Final answer:
The probability that the whole shipment of 7000 aspirin tablets will be accepted is 1.
Step-by-step explanation:
The acceptance sampling plan for the pharmaceutical company states that if one or none of the 44 tablets tested in a shipment of 7000 aspirin tablets does not meet the required specifications, the whole batch will be accepted. In this case, the shipment has a 2% rate of defects. We want to find the probability that the whole shipment will be accepted.
To find the probability, we need to calculate the probability that none or only one tablet out of the sample of 44 is defective. We can use the binomial probability formula for this: P(X = k) = C(n, k) * p^k * (1-p)^(n-k), where n is the sample size, k is the number of successes, C(n, k) is the combination of n items taken k at a time, and p is the probability of success.
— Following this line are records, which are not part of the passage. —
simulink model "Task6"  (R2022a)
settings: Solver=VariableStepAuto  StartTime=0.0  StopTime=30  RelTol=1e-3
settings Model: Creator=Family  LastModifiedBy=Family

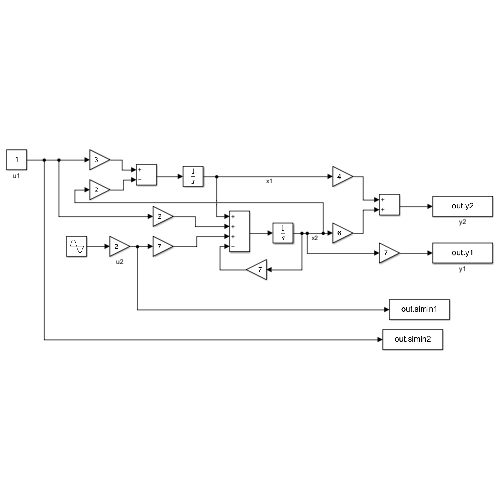
[thumbnail: Simulink's stored preview of the top-level diagram]
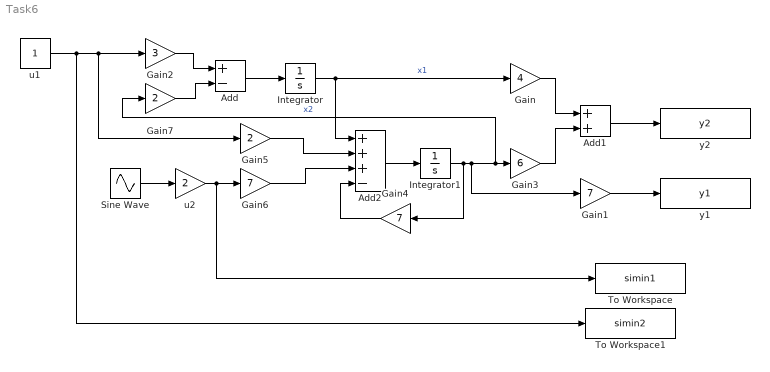
== system Task6 ==
  Add : Sum  Inputs=+-
  Add1 : Sum
  Add2 : Sum  Inputs=+++-
  Gain : Gain  Gain=4
  Gain1 : Gain  Gain=7
  Gain2 : Gain  Gain=3
  Gain3 : Gain  Gain=6
  Gain4 : Gain  Gain=7
  Gain5 : Gain  Gain=2
  Gain6 : Gain  Gain=7
  Gain7 : Gain  Gain=2
  Integrator : Integrator
  Integrator1 : Integrator
  Sine Wave : Sin  SampleTime=0
  To Workspace : ToWorkspace  VariableName=simin1  SaveFormat=Timeseries  SampleTime=-1
  To Workspace1 : ToWorkspace  VariableName=simin2  SaveFormat=Timeseries  SampleTime=-1
  u1 : Constant  SampleTime=-1
  u2 : Gain  Gain=2
  y1 : ToWorkspace  VariableName=y1  SaveFormat=Timeseries  SampleTime=-1
  y2 : ToWorkspace  VariableName=y2  SaveFormat=Timeseries  SampleTime=-1
  wires:
  Sine Wave/1 -> u2/1
  Gain1/1 -> y1/1
  Add/1 -> Integrator/1
  u1/1 -> To Workspace1/1, Gain5/1, Gain2/1
  Gain2/1 -> Add/1
  Add1/1 -> y2/1
  Gain/1 -> Add1/1
  Integrator/1 -> Add2/1, Gain/1  "x1"
  Integrator1/1 -> Gain7/1, Gain3/1, Gain1/1, Gain4/1  "x2"
  Gain3/1 -> Add1/2
  Add2/1 -> Integrator1/1
  Gain4/1 -> Add2/4
  Gain5/1 -> Add2/2
  Gain6/1 -> Add2/3
  u2/1 -> To Workspace/1, Gain6/1
  Gain7/1 -> Add/2

In this case, n = 44, k can be 0 or 1, p = 0.02 (2% defect rate).
Plugging in the values:
P(X=0) = C(44, 0) * (0.02)^0 * (1-0.02)^(44-0) = 0.887
P(X=1) = C(44, 1) * (0.02)^1 * (1-0.02)^(44-1) = 0.113
The probability that none or only one tablet in the shipment of 7000 aspirin tablets is defective and the whole batch is accepted is the sum of these probabilities: P(X <= 1) = P(X=0) + P(X=1) = 0.887 + 0.113 = 1
Therefore, the probability that this whole shipment will be accepted is 1.